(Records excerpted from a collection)

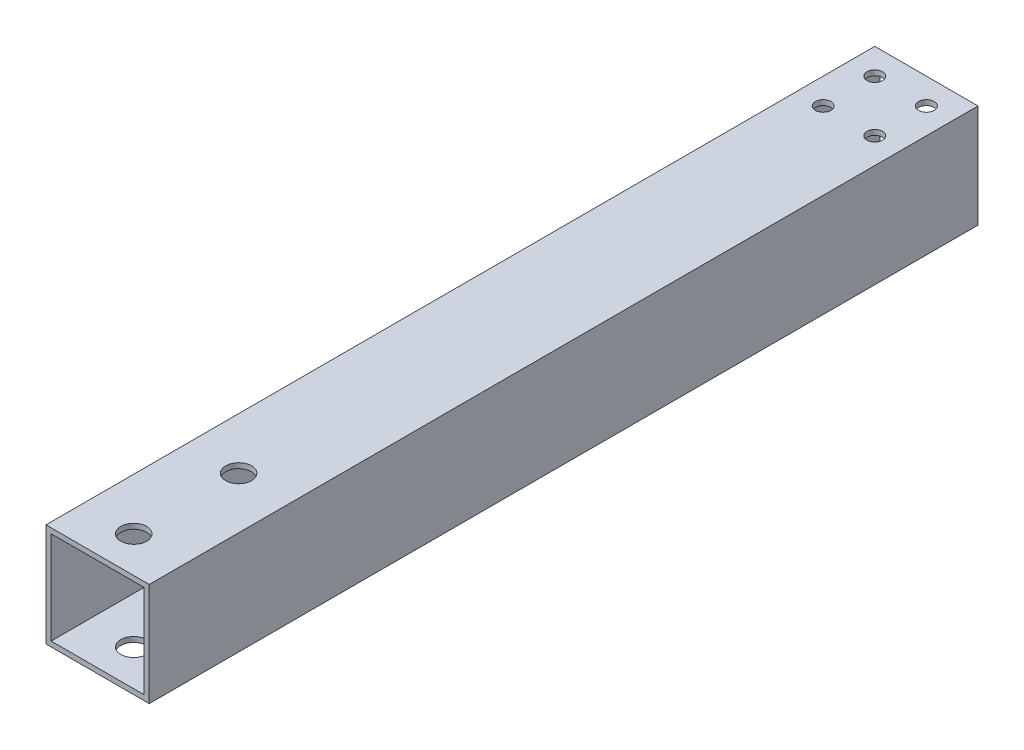
ISO-10303-21;
HEADER;
FILE_DESCRIPTION(('STEP AP214'),'2;1');
FILE_NAME('part.step','',(''),(''),'','','');
FILE_SCHEMA(('AUTOMOTIVE_DESIGN { 1 0 10303 214 1 1 1 1 }'));
ENDSEC;
DATA;
#1=APPLICATION_CONTEXT('core data for automotive mechanical design processes');
#2=APPLICATION_PROTOCOL_DEFINITION('international standard','automotive_design',2000,#1);
#3=PRODUCT_CONTEXT('',#1,'mechanical');
#4=PRODUCT('Part','Part','',(#3));
#5=PRODUCT_RELATED_PRODUCT_CATEGORY('part','',(#4));
#6=PRODUCT_DEFINITION_FORMATION('','',#4);
#7=PRODUCT_DEFINITION_CONTEXT('part definition',#1,'design');
#8=PRODUCT_DEFINITION('design','',#6,#7);
#9=PRODUCT_DEFINITION_SHAPE('','',#8);
#10=(LENGTH_UNIT() NAMED_UNIT(*) SI_UNIT(.MILLI.,.METRE.));
#11=(NAMED_UNIT(*) PLANE_ANGLE_UNIT() SI_UNIT($,.RADIAN.));
#12=(NAMED_UNIT(*) SI_UNIT($,.STERADIAN.) SOLID_ANGLE_UNIT());
#13=UNCERTAINTY_MEASURE_WITH_UNIT(LENGTH_MEASURE(1.E-05),#10,'distance_accuracy_value','');
#14=(GEOMETRIC_REPRESENTATION_CONTEXT(3) GLOBAL_UNCERTAINTY_ASSIGNED_CONTEXT((#13)) GLOBAL_UNIT_ASSIGNED_CONTEXT((#10,
#11,#12)) REPRESENTATION_CONTEXT('',''));
#15=CARTESIAN_POINT('',(0.,0.,0.));
#16=DIRECTION('',(0.,0.,1.));
#17=DIRECTION('',(1.,0.,0.));
#18=AXIS2_PLACEMENT_3D('',#15,#16,#17);
#19=CARTESIAN_POINT('',(10.,10.,171.98));
#20=DIRECTION('',(-1.,0.,0.));
#21=DIRECTION('',(0.,-1.,0.));
#22=AXIS2_PLACEMENT_3D('',#19,#20,#21);
#23=PLANE('',#22);
#24=DIRECTION('',(0.,1.,0.));
#25=VECTOR('',#24,1.);
#26=CARTESIAN_POINT('',(10.,-23.,160.58));
#27=LINE('',#26,#25);
#28=CARTESIAN_POINT('',(10.,-10.,160.58));
#29=VERTEX_POINT('',#28);
#30=CARTESIAN_POINT('',(10.,10.,160.58));
#31=VERTEX_POINT('',#30);
#32=EDGE_CURVE('E98',#29,#31,#27,.T.);
#33=ORIENTED_EDGE('',*,*,#32,.F.);
#34=DIRECTION('',(0.,0.,-1.));
#35=VECTOR('',#34,1.);
#36=CARTESIAN_POINT('',(10.,-10.,171.98));
#37=LINE('',#36,#35);
#38=CARTESIAN_POINT('',(10.,-10.,0.));
#39=VERTEX_POINT('',#38);
#40=EDGE_CURVE('E118',#29,#39,#37,.T.);
#41=ORIENTED_EDGE('',*,*,#40,.T.);
#42=DIRECTION('',(0.,1.,0.));
#43=VECTOR('',#42,1.);
#44=CARTESIAN_POINT('',(10.,10.,0.));
#45=LINE('',#44,#43);
#46=CARTESIAN_POINT('',(10.,10.,0.));
#47=VERTEX_POINT('',#46);
#48=EDGE_CURVE('E213',#39,#47,#45,.T.);
#49=ORIENTED_EDGE('',*,*,#48,.T.);
#50=DIRECTION('',(0.,0.,-1.));
#51=VECTOR('',#50,1.);
#52=CARTESIAN_POINT('',(10.,10.,171.98));
#53=LINE('',#52,#51);
#54=EDGE_CURVE('E41',#31,#47,#53,.T.);
#55=ORIENTED_EDGE('',*,*,#54,.F.);
#56=EDGE_LOOP('',(#33,#41,#49,#55));
#57=FACE_BOUND('',#56,.T.);
#58=ADVANCED_FACE('F34',(#57),#23,.F.);
#59=CARTESIAN_POINT('',(-9.99999999999999,10.,171.98));
#60=DIRECTION('',(0.,-1.,0.));
#61=DIRECTION('',(0.,0.,-1.));
#62=AXIS2_PLACEMENT_3D('',#59,#60,#61);
#63=PLANE('',#62);
#64=CARTESIAN_POINT('',(-4.99999999999999,10.,5.));
#65=DIRECTION('',(0.,1.,0.));
#66=DIRECTION('',(0.,0.,1.));
#67=AXIS2_PLACEMENT_3D('',#64,#65,#66);
#68=CIRCLE('',#67,1.5);
#69=CARTESIAN_POINT('',(-4.99999999999999,10.,6.5));
#70=VERTEX_POINT('',#69);
#71=EDGE_CURVE('E126',#70,#70,#68,.T.);
#72=ORIENTED_EDGE('',*,*,#71,.F.);
#73=EDGE_LOOP('',(#72));
#74=FACE_BOUND('',#73,.T.);
#75=CARTESIAN_POINT('',(5.00000000000001,10.,5.));
#76=DIRECTION('',(0.,1.,0.));
#77=DIRECTION('',(0.,0.,1.));
#78=AXIS2_PLACEMENT_3D('',#75,#76,#77);
#79=CIRCLE('',#78,1.5);
#80=CARTESIAN_POINT('',(5.00000000000001,10.,6.5));
#81=VERTEX_POINT('',#80);
#82=EDGE_CURVE('E169',#81,#81,#79,.T.);
#83=ORIENTED_EDGE('',*,*,#82,.F.);
#84=EDGE_LOOP('',(#83));
#85=FACE_BOUND('',#84,.T.);
#86=CARTESIAN_POINT('',(-4.99999999999999,10.,15.));
#87=DIRECTION('',(0.,1.,0.));
#88=DIRECTION('',(0.,0.,1.));
#89=AXIS2_PLACEMENT_3D('',#86,#87,#88);
#90=CIRCLE('',#89,1.5);
#91=CARTESIAN_POINT('',(-4.99999999999999,10.,16.5));
#92=VERTEX_POINT('',#91);
#93=EDGE_CURVE('E168',#92,#92,#90,.T.);
#94=ORIENTED_EDGE('',*,*,#93,.F.);
#95=EDGE_LOOP('',(#94));
#96=FACE_BOUND('',#95,.T.);
#97=CARTESIAN_POINT('',(5.00000000000001,10.,15.));
#98=DIRECTION('',(0.,1.,0.));
#99=DIRECTION('',(0.,0.,1.));
#100=AXIS2_PLACEMENT_3D('',#97,#98,#99);
#101=CIRCLE('',#100,1.5);
#102=CARTESIAN_POINT('',(5.00000000000001,10.,16.5));
#103=VERTEX_POINT('',#102);
#104=EDGE_CURVE('E165',#103,#103,#101,.T.);
#105=ORIENTED_EDGE('',*,*,#104,.F.);
#106=EDGE_LOOP('',(#105));
#107=FACE_BOUND('',#106,.T.);
#108=CARTESIAN_POINT('',(0.,10.,133.26));
#109=DIRECTION('',(0.,1.,0.));
#110=DIRECTION('',(0.,0.,1.));
#111=AXIS2_PLACEMENT_3D('',#108,#109,#110);
#112=CIRCLE('',#111,2.5);
#113=CARTESIAN_POINT('',(0.,10.,135.76));
#114=VERTEX_POINT('',#113);
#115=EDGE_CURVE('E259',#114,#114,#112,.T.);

= Exercise instructions =
Retype all the data exactly, please, without pictures.

= Expected output =
ISO-10303-21;
HEADER;
FILE_DESCRIPTION(('STEP AP214'),'2;1');
FILE_NAME('part.step','',(''),(''),'','','');
FILE_SCHEMA(('AUTOMOTIVE_DESIGN { 1 0 10303 214 1 1 1 1 }'));
ENDSEC;
DATA;
#1=APPLICATION_CONTEXT('core data for automotive mechanical design processes');
#2=APPLICATION_PROTOCOL_DEFINITION('international standard','automotive_design',2000,#1);
#3=PRODUCT_CONTEXT('',#1,'mechanical');
#4=PRODUCT('Part','Part','',(#3));
#5=PRODUCT_RELATED_PRODUCT_CATEGORY('part','',(#4));
#6=PRODUCT_DEFINITION_FORMATION('','',#4);
#7=PRODUCT_DEFINITION_CONTEXT('part definition',#1,'design');
#8=PRODUCT_DEFINITION('design','',#6,#7);
#9=PRODUCT_DEFINITION_SHAPE('','',#8);
#10=(LENGTH_UNIT() NAMED_UNIT(*) SI_UNIT(.MILLI.,.METRE.));
#11=(NAMED_UNIT(*) PLANE_ANGLE_UNIT() SI_UNIT($,.RADIAN.));
#12=(NAMED_UNIT(*) SI_UNIT($,.STERADIAN.) SOLID_ANGLE_UNIT());
#13=UNCERTAINTY_MEASURE_WITH_UNIT(LENGTH_MEASURE(1.E-05),#10,'distance_accuracy_value','');
#14=(GEOMETRIC_REPRESENTATION_CONTEXT(3) GLOBAL_UNCERTAINTY_ASSIGNED_CONTEXT((#13)) GLOBAL_UNIT_ASSIGNED_CONTEXT((#10,
#11,#12)) REPRESENTATION_CONTEXT('',''));
#15=CARTESIAN_POINT('',(0.,0.,0.));
#16=DIRECTION('',(0.,0.,1.));
#17=DIRECTION('',(1.,0.,0.));
#18=AXIS2_PLACEMENT_3D('',#15,#16,#17);
#19=CARTESIAN_POINT('',(10.,10.,171.98));
#20=DIRECTION('',(-1.,0.,0.));
#21=DIRECTION('',(0.,-1.,0.));
#22=AXIS2_PLACEMENT_3D('',#19,#20,#21);
#23=PLANE('',#22);
#24=DIRECTION('',(0.,1.,0.));
#25=VECTOR('',#24,1.);
#26=CARTESIAN_POINT('',(10.,-23.,160.58));
#27=LINE('',#26,#25);
#28=CARTESIAN_POINT('',(10.,-10.,160.58));
#29=VERTEX_POINT('',#28);
#30=CARTESIAN_POINT('',(10.,10.,160.58));
#31=VERTEX_POINT('',#30);
#32=EDGE_CURVE('E98',#29,#31,#27,.T.);
#33=ORIENTED_EDGE('',*,*,#32,.F.);
#34=DIRECTION('',(0.,0.,-1.));
#35=VECTOR('',#34,1.);
#36=CARTESIAN_POINT('',(10.,-10.,171.98));
#37=LINE('',#36,#35);
#38=CARTESIAN_POINT('',(10.,-10.,0.));
#39=VERTEX_POINT('',#38);
#40=EDGE_CURVE('E118',#29,#39,#37,.T.);
#41=ORIENTED_EDGE('',*,*,#40,.T.);
#42=DIRECTION('',(0.,1.,0.));
#43=VECTOR('',#42,1.);
#44=CARTESIAN_POINT('',(10.,10.,0.));
#45=LINE('',#44,#43);
#46=CARTESIAN_POINT('',(10.,10.,0.));
#47=VERTEX_POINT('',#46);
#48=EDGE_CURVE('E213',#39,#47,#45,.T.);
#49=ORIENTED_EDGE('',*,*,#48,.T.);
#50=DIRECTION('',(0.,0.,-1.));
#51=VECTOR('',#50,1.);
#52=CARTESIAN_POINT('',(10.,10.,171.98));
#53=LINE('',#52,#51);
#54=EDGE_CURVE('E41',#31,#47,#53,.T.);
#55=ORIENTED_EDGE('',*,*,#54,.F.);
#56=EDGE_LOOP('',(#33,#41,#49,#55));
#57=FACE_BOUND('',#56,.T.);
#58=ADVANCED_FACE('F34',(#57),#23,.F.);
#59=CARTESIAN_POINT('',(-9.99999999999999,10.,171.98));
#60=DIRECTION('',(0.,-1.,0.));
#61=DIRECTION('',(0.,0.,-1.));
#62=AXIS2_PLACEMENT_3D('',#59,#60,#61);
#63=PLANE('',#62);
#64=CARTESIAN_POINT('',(-4.99999999999999,10.,5.));
#65=DIRECTION('',(0.,1.,0.));
#66=DIRECTION('',(0.,0.,1.));
#67=AXIS2_PLACEMENT_3D('',#64,#65,#66);
#68=CIRCLE('',#67,1.5);
#69=CARTESIAN_POINT('',(-4.99999999999999,10.,6.5));
#70=VERTEX_POINT('',#69);
#71=EDGE_CURVE('E126',#70,#70,#68,.T.);
#72=ORIENTED_EDGE('',*,*,#71,.F.);
#73=EDGE_LOOP('',(#72));
#74=FACE_BOUND('',#73,.T.);
#75=CARTESIAN_POINT('',(5.00000000000001,10.,5.));
#76=DIRECTION('',(0.,1.,0.));
#77=DIRECTION('',(0.,0.,1.));
#78=AXIS2_PLACEMENT_3D('',#75,#76,#77);
#79=CIRCLE('',#78,1.5);
#80=CARTESIAN_POINT('',(5.00000000000001,10.,6.5));
#81=VERTEX_POINT('',#80);
#82=EDGE_CURVE('E169',#81,#81,#79,.T.);
#83=ORIENTED_EDGE('',*,*,#82,.F.);
#84=EDGE_LOOP('',(#83));
#85=FACE_BOUND('',#84,.T.);
#86=CARTESIAN_POINT('',(-4.99999999999999,10.,15.));
#87=DIRECTION('',(0.,1.,0.));
#88=DIRECTION('',(0.,0.,1.));
#89=AXIS2_PLACEMENT_3D('',#86,#87,#88);
#90=CIRCLE('',#89,1.5);
#91=CARTESIAN_POINT('',(-4.99999999999999,10.,16.5));
#92=VERTEX_POINT('',#91);
#93=EDGE_CURVE('E168',#92,#92,#90,.T.);
#94=ORIENTED_EDGE('',*,*,#93,.F.);
#95=EDGE_LOOP('',(#94));
#96=FACE_BOUND('',#95,.T.);
#97=CARTESIAN_POINT('',(5.00000000000001,10.,15.));
#98=DIRECTION('',(0.,1.,0.));
#99=DIRECTION('',(0.,0.,1.));
#100=AXIS2_PLACEMENT_3D('',#97,#98,#99);
#101=CIRCLE('',#100,1.5);
#102=CARTESIAN_POINT('',(5.00000000000001,10.,16.5));
#103=VERTEX_POINT('',#102);
#104=EDGE_CURVE('E165',#103,#103,#101,.T.);
#105=ORIENTED_EDGE('',*,*,#104,.F.);
#106=EDGE_LOOP('',(#105));
#107=FACE_BOUND('',#106,.T.);
#108=CARTESIAN_POINT('',(0.,10.,133.26));
#109=DIRECTION('',(0.,1.,0.));
#110=DIRECTION('',(0.,0.,1.));
#111=AXIS2_PLACEMENT_3D('',#108,#109,#110);
#112=CIRCLE('',#111,2.5);
#113=CARTESIAN_POINT('',(0.,10.,135.76));
#114=VERTEX_POINT('',#113);
#115=EDGE_CURVE('E259',#114,#114,#112,.T.);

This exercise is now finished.